When I started The Crossing I was quite sceptical. The book is written entirely in narrative poetry, and as a poet and lover of that style of verse myself, it was very easy to pick up on parts I didn’t like rather than those I did. And it was another story about refugees – what could this book tell me that I hadn’t already seen in the news?
But my god, was I proven wrong.
WHAT IS THE BOOK ABOUT?
There is a quote from The Crossing that I feel summarises what the book is about best:
‘There are binary stars that orbit each other from birth.
What happens to them?
Eventually, they join.’
This quote is from a scene where one of the protagonists, Sammy, is having a flashback to a conversation with his Baba (father). And not only does it show how beautiful the writing is, but it reflects the way the book is structured.
Two stars – two protagonists – orbit around a central storyline. Sammy, a refugee, trying to escape his home in Eritrea, and Nat, a working class lesbian, trying to escape her familial trauma in Devon. Eventually, they join – and that’s essentially the book’s plot.
But the way it’s told is so beautiful and so moving. Their internal monologues are told through narrative poems, and the ending line of one verse is the start of the next, so their voices feed into each other seamlessly. It gives the book this wonderful sense of play and complexity despite using really simple language, something often denied to children’s books.
WHY SHOULD YOU READ THE BOOK NOW?
If we are privileged enough, then we’ve all seen the newspaper headlines rather than lived it:
‘Refugees drown at sea’, ‘refugees from X country not allowed into X country’, ‘refugees not welcome’, ‘should we give refugees a home?’ ‘refugees should be accepted’ etc etc.
The Crossing is amazing though, in that it shows both sides of the refugee story. We see Sammy’s struggle so intensely because of the poetry its written in. One-word lines become an entire journey:
‘Choiceless
voiceless
hopeless
helpless.’
And on the opposite end of the spectrum, through Nat, we see how working class, hostile attitudes towards refugees can grow. And again, the beauty is, both these things are happening simultaenously but disconnected.

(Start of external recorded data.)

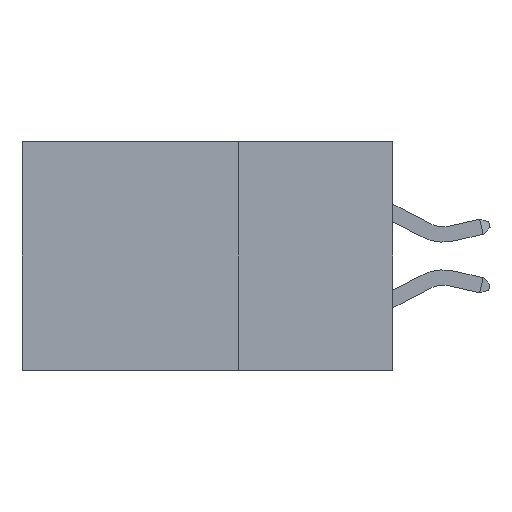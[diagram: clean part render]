
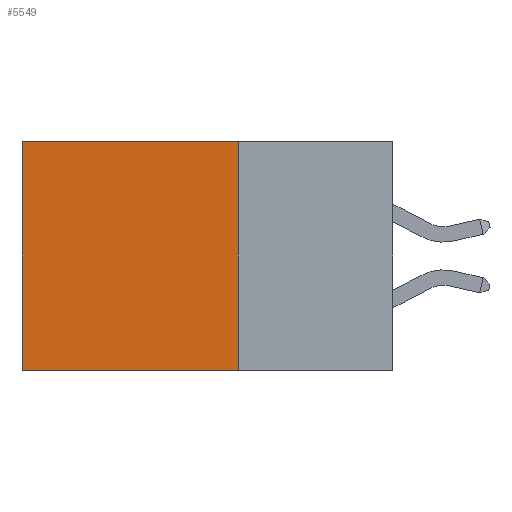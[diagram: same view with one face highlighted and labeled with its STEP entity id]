
A CAD part, left-side view. The second image highlights one B-rep face of the part: STEP entity #5549.
In plain terms, the highlighted planar face has unit normal (-1, 0, 0).
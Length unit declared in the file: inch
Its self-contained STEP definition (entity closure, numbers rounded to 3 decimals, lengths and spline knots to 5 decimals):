
#68 = VERTEX_POINT ( 'NONE', #19197 ) ;
#89 = DIRECTION ( 'NONE',  ( 1., 0., 0. ) ) ;
#135 = CARTESIAN_POINT ( 'NONE',  ( 0.2875, 0.25, 0. ) ) ;
#137 = CARTESIAN_POINT ( 'NONE',  ( 0.2875, 0.6, -0.37 ) ) ;
#147 = ORIENTED_EDGE ( 'NONE', *, *, #17305, .T. ) ;
#314 = DIRECTION ( 'NONE',  ( 0., 0., -1. ) ) ;
#1629 = DIRECTION ( 'NONE',  ( 0., 0., -1. ) ) ;
#2861 = ORIENTED_EDGE ( 'NONE', *, *, #16592, .F. ) ;
#3113 = VERTEX_POINT ( 'NONE', #137 ) ;
#3219 = DIRECTION ( 'NONE',  ( 0., 0., -1. ) ) ;
#3332 = CARTESIAN_POINT ( 'NONE',  ( 0.2875, 0.6, 0. ) ) ;
#3769 = CARTESIAN_POINT ( 'NONE',  ( 0.2875, 0.25, -0.37 ) ) ;
#3929 = PLANE ( 'NONE',  #12392 ) ;
#4336 = VECTOR ( 'NONE', #1629, 39.37008 ) ;
#5140 = DIRECTION ( 'NONE',  ( 0., 1., 0. ) ) ;
#5549 = ADVANCED_FACE ( 'NONE', ( #10672 ), #3929, .F. ) ;
#6506 = VECTOR ( 'NONE', #5140, 39.37008 ) ;
#6512 = VECTOR ( 'NONE', #6896, 39.37008 ) ;
#6896 = DIRECTION ( 'NONE',  ( 0., 1., 0. ) ) ;
#8709 = VECTOR ( 'NONE', #3219, 39.37008 ) ;
#9147 = CARTESIAN_POINT ( 'NONE',  ( 0.2875, 0.25, 0. ) ) ;
#9589 = EDGE_CURVE ( 'NONE', #68, #3113, #10535, .T. ) ;
#9916 = VERTEX_POINT ( 'NONE', #9147 ) ;
#10535 = LINE ( 'NONE', #3769, #6512 ) ;
#10672 = FACE_OUTER_BOUND ( 'NONE', #18408, .T. ) ;
#12073 = CARTESIAN_POINT ( 'NONE',  ( 0.2875, 0.6, 0. ) ) ;
#12135 = ORIENTED_EDGE ( 'NONE', *, *, #17420, .T. ) ;
#12392 = AXIS2_PLACEMENT_3D ( 'NONE', #135, #89, #314 ) ;
#13753 = CARTESIAN_POINT ( 'NONE',  ( 0.2875, 0.25, 0. ) ) ;
#14329 = LINE ( 'NONE', #15424, #6506 ) ;
#15424 = CARTESIAN_POINT ( 'NONE',  ( 0.2875, 0.25, 0. ) ) ;
#15942 = ORIENTED_EDGE ( 'NONE', *, *, #9589, .F. ) ;
#16125 = LINE ( 'NONE', #3332, #4336 ) ;
#16380 = LINE ( 'NONE', #13753, #8709 ) ;
#16592 = EDGE_CURVE ( 'NONE', #9916, #68, #16380, .T. ) ;
#17305 = EDGE_CURVE ( 'NONE', #19078, #3113, #16125, .T. ) ;
#17420 = EDGE_CURVE ( 'NONE', #9916, #19078, #14329, .T. ) ;
#18408 = EDGE_LOOP ( 'NONE', ( #147, #15942, #2861, #12135 ) ) ;
#19078 = VERTEX_POINT ( 'NONE', #12073 ) ;
#19197 = CARTESIAN_POINT ( 'NONE',  ( 0.2875, 0.25, -0.37 ) ) ;

Similarly, I expected to be emotionally detached from this novel. As a South Asian writer, there is no doubt that Manjeet Mann has also experienced familial/inherited trauma of displacement. The Pakistan/India separation of 1947 turned many South Asians into refugees. I wanted to not bring up that trauma, to think about my displaced grandmother, her family’s refugee status.
But I did.
This book hit me so deeply that I started crying at one point. And you don’t need to have a family history of displacement/refugee status to feel that.
This is what we are told in The Crossing:
Refugees should be accepted because they are humans. And there is no better way to humanise and intensify a character, in my opinion, than through poetry.
Manjeet Mann has truly hit the nail on the head when it comes to displaying the trauma on both sides of the refugee crisis. The Crossing is one of my new favourite books of 2021 by far – a lesson in humanitarianism, friendship, and how to write beautiful, impactful stories. Do yourself a favour, and read it ASAP.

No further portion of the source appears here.